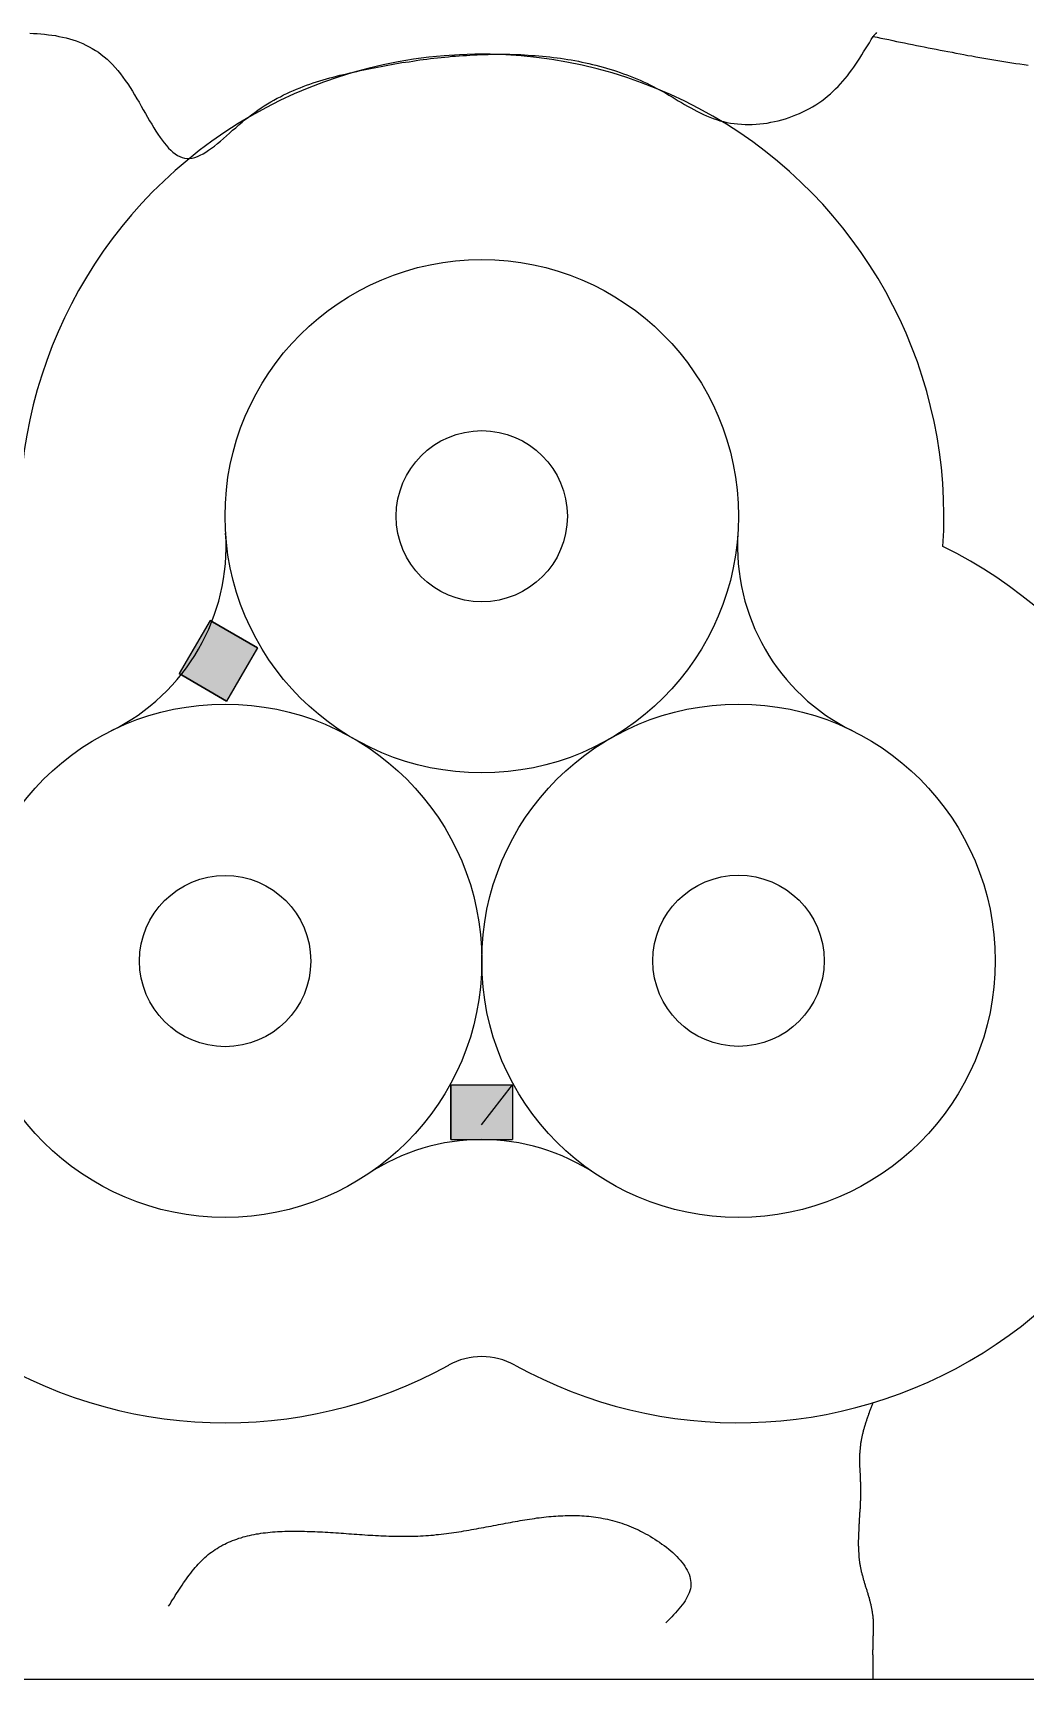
# Model space of a CAD drawing. Extents: x 443 to 1217, y -1921 to -677.
# Drawn here: x 666.77 to 676.18, y -761.3 to -745.69 of the extents above; entities that cross this region are included whole.
import ezdxf

# ---------------------------------------------------------------- set-up
doc = ezdxf.new("R2010")
doc.units = 0
doc.header["$MEASUREMENT"] = 0
for name, color, linetype in [('1', 7, 'CONTINUOUS'), ('3', 8, 'CONTINUOUS'), ('5', 7, 'CONTINUOUS')]:
    doc.layers.add(name, color=color, linetype=linetype)

msp = doc.modelspace()

# ---------------------------------------------------------------- linework, layer by layer
at = {"layer": '1', "color": 7}
for p, q in [((666.737, -745.69), (666.773, -745.693)), ((666.773, -745.693), (666.808, -745.694)), ((666.808, -745.694), (666.843, -745.696)), ((666.843, -745.696), (666.878, -745.699)), ((666.878, -745.699), (666.913, -745.704)), ((666.913, -745.704), (666.947, -745.708)), ((666.947, -745.708), (666.981, -745.713)), ((666.981, -745.713), (667.014, -745.72)), ((667.014, -745.72), (667.048, -745.726)), ((667.048, -745.726), (667.081, -745.734)), ((667.081, -745.734), (667.113, -745.743)), ((667.113, -745.743), (667.145, -745.753)), ((667.145, -745.753), (667.178, -745.763)), ((667.178, -745.763), (667.208, -745.775)), ((667.208, -745.775), (667.24, -745.789)), ((667.24, -745.789), (667.27, -745.803)), ((667.27, -745.803), (667.3, -745.818)), ((667.3, -745.818), (667.33, -745.834)), ((674.664, -745.839), (674.682, -745.809)), ((674.682, -745.809), (674.7, -745.78)), ((674.7, -745.78), (674.717, -745.75)), ((674.717, -745.75), (674.735, -745.72)), ((674.743, -745.711), (674.735, -745.72)), ((674.735, -745.72), (674.773, -745.727)), ((674.753, -745.702), (674.743, -745.711)), ((674.761, -745.694), (674.753, -745.702)), ((674.769, -745.684), (674.761, -745.694)), ((674.773, -745.727), (674.81, -745.736)), ((674.81, -745.736), (674.847, -745.744)), ((674.847, -745.744), (674.884, -745.751)), ((674.884, -745.751), (674.922, -745.759)), ((674.922, -745.759), (674.959, -745.767)), ((674.959, -745.767), (674.996, -745.774)), ((674.996, -745.774), (675.034, -745.782)), ((675.034, -745.782), (675.071, -745.79)), ((675.071, -745.79), (675.108, -745.797)), ((675.108, -745.797), (675.147, -745.805)), ((675.147, -745.805), (675.184, -745.812)), ((675.184, -745.812), (675.221, -745.82)), ((675.221, -745.82), (675.259, -745.828)), ((667.33, -745.834), (667.359, -745.853)), ((667.359, -745.853), (667.388, -745.871)), ((667.388, -745.871), (667.415, -745.892)), ((667.415, -745.892), (667.444, -745.914)), ((667.444, -745.914), (667.47, -745.937)), ((667.47, -745.937), (667.497, -745.961)), ((667.497, -745.961), (667.522, -745.987)), ((670.201, -745.981), (670.235, -745.975)), ((670.235, -745.975), (670.267, -745.969)), ((670.267, -745.969), (670.301, -745.964)), ((670.301, -745.964), (670.335, -745.96)), ((670.335, -745.96), (670.369, -745.954)), ((670.369, -745.954), (670.401, -745.95)), ((670.401, -745.95), (670.435, -745.944)), ((670.435, -745.944), (670.469, -745.94)), ((670.469, -745.94), (670.503, -745.936)), ((670.503, -745.936), (670.537, -745.931)), ((670.537, -745.931), (670.57, -745.927)), ((670.57, -745.927), (670.604, -745.924)), ((670.604, -745.924), (670.638, -745.919)), ((670.638, -745.919), (670.673, -745.916)), ((670.673, -745.916), (670.707, -745.913)), ((670.707, -745.913), (670.74, -745.909)), ((670.74, -745.909), (670.774, -745.907)), ((670.774, -745.907), (670.809, -745.904)), ((670.809, -745.904), (670.843, -745.902)), ((670.843, -745.902), (670.878, -745.9)), ((670.878, -745.9), (670.912, -745.898)), ((670.912, -745.898), (670.945, -745.895)), ((670.945, -745.895), (670.98, -745.894)), ((670.98, -745.894), (671.014, -745.893)), ((671.014, -745.893), (671.049, -745.892)), ((671.049, -745.892), (671.084, -745.891)), ((671.084, -745.891), (671.117, -745.89)), ((671.117, -745.89), (671.152, -745.89)), ((671.152, -745.89), (671.187, -745.889)), ((671.187, -745.889), (671.221, -745.89)), ((671.221, -745.89), (671.256, -745.89)), ((671.256, -745.89), (671.29, -745.89)), ((671.29, -745.89), (671.325, -745.891)), ((671.325, -745.891), (671.359, -745.892)), ((671.359, -745.892), (671.393, -745.893)), ((671.393, -745.893), (671.428, -745.895)), ((671.428, -745.895), (671.463, -745.898)), ((671.463, -745.898), (671.497, -745.9)), ((671.497, -745.9), (671.532, -745.902)), ((671.532, -745.902), (671.565, -745.905)), ((671.565, -745.905), (671.6, -745.908)), ((671.6, -745.908), (671.634, -745.912)), ((671.634, -745.912), (671.669, -745.915)), ((671.669, -745.915), (671.703, -745.919)), ((671.703, -745.919), (671.738, -745.924)), ((671.738, -745.924), (671.771, -745.928)), ((671.771, -745.928), (671.805, -745.933)), ((671.805, -745.933), (671.839, -745.939)), ((671.839, -745.939), (671.873, -745.944)), ((671.873, -745.944), (671.907, -745.95)), ((671.907, -745.95), (671.94, -745.956)), ((671.94, -745.956), (671.974, -745.964)), ((671.974, -745.964), (672.008, -745.971)), ((672.008, -745.971), (672.041, -745.978)), ((672.041, -745.978), (672.074, -745.986)), ((674.572, -745.983), (674.591, -745.954)), ((674.591, -745.954), (674.609, -745.926)), ((674.609, -745.926), (674.628, -745.896)), ((674.628, -745.896), (674.646, -745.868)), ((674.646, -745.868), (674.664, -745.839)), ((675.259, -745.828), (675.296, -745.834)), ((675.296, -745.834), (675.334, -745.842)), ((675.334, -745.842), (675.371, -745.85)), ((675.371, -745.85), (675.409, -745.857)), ((675.409, -745.857), (675.446, -745.864)), ((675.446, -745.864), (675.484, -745.871)), ((675.484, -745.871), (675.521, -745.878)), ((675.521, -745.878), (675.56, -745.886)), ((675.56, -745.886), (675.597, -745.892)), ((675.597, -745.892), (675.635, -745.9)), ((675.635, -745.9), (675.673, -745.906)), ((675.673, -745.906), (675.71, -745.913)), ((675.71, -745.913), (675.748, -745.92)), ((675.748, -745.92), (675.786, -745.927)), ((675.786, -745.927), (675.824, -745.933)), ((675.824, -745.933), (675.863, -745.94)), ((675.863, -745.94), (675.9, -745.947)), ((675.9, -745.947), (675.938, -745.952)), ((675.938, -745.952), (675.976, -745.959)), ((675.976, -745.959), (676.014, -745.965)), ((676.014, -745.965), (676.052, -745.971)), ((676.052, -745.971), (676.09, -745.976)), ((676.09, -745.976), (676.128, -745.981)), ((667.522, -745.987), (667.547, -746.015)), ((667.547, -746.015), (667.572, -746.044)), ((667.572, -746.044), (667.596, -746.074)), ((667.596, -746.074), (667.62, -746.106)), ((667.62, -746.106), (667.643, -746.138)), ((669.487, -746.142), (669.52, -746.132)), ((669.52, -746.132), (669.551, -746.123)), ((669.551, -746.123), (669.583, -746.114)), ((669.583, -746.114), (669.615, -746.106)), ((669.615, -746.106), (669.646, -746.097)), ((669.646, -746.097), (669.679, -746.089)), ((669.679, -746.089), (669.711, -746.082)), ((669.711, -746.082), (669.743, -746.074)), ((669.743, -746.074), (669.775, -746.066)), ((669.775, -746.066), (669.808, -746.059)), ((669.808, -746.059), (669.84, -746.052)), ((669.84, -746.052), (669.872, -746.045)), ((669.872, -746.045), (669.905, -746.038)), ((669.905, -746.038), (669.937, -746.032)), ((669.937, -746.032), (669.97, -746.025)), ((669.97, -746.025), (670.003, -746.018)), ((670.003, -746.018), (670.036, -746.012)), ((670.036, -746.012), (670.069, -746.005)), ((670.069, -746.005), (670.102, -745.999)), ((670.102, -745.999), (670.134, -745.992)), ((670.134, -745.992), (670.168, -745.987)), ((670.168, -745.987), (670.201, -745.981)), ((672.074, -745.986), (672.107, -745.994)), ((672.107, -745.994), (672.141, -746.003)), ((672.141, -746.003), (672.174, -746.012)), ((672.174, -746.012), (672.206, -746.021)), ((672.206, -746.021), (672.239, -746.03)), ((672.239, -746.03), (672.272, -746.041)), ((672.272, -746.041), (672.303, -746.051)), ((672.303, -746.051), (672.336, -746.062)), ((672.336, -746.062), (672.368, -746.074)), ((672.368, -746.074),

==*==

Task brief: The answer must be a single number: how many lines of the entries contain "name".

Solution below: 2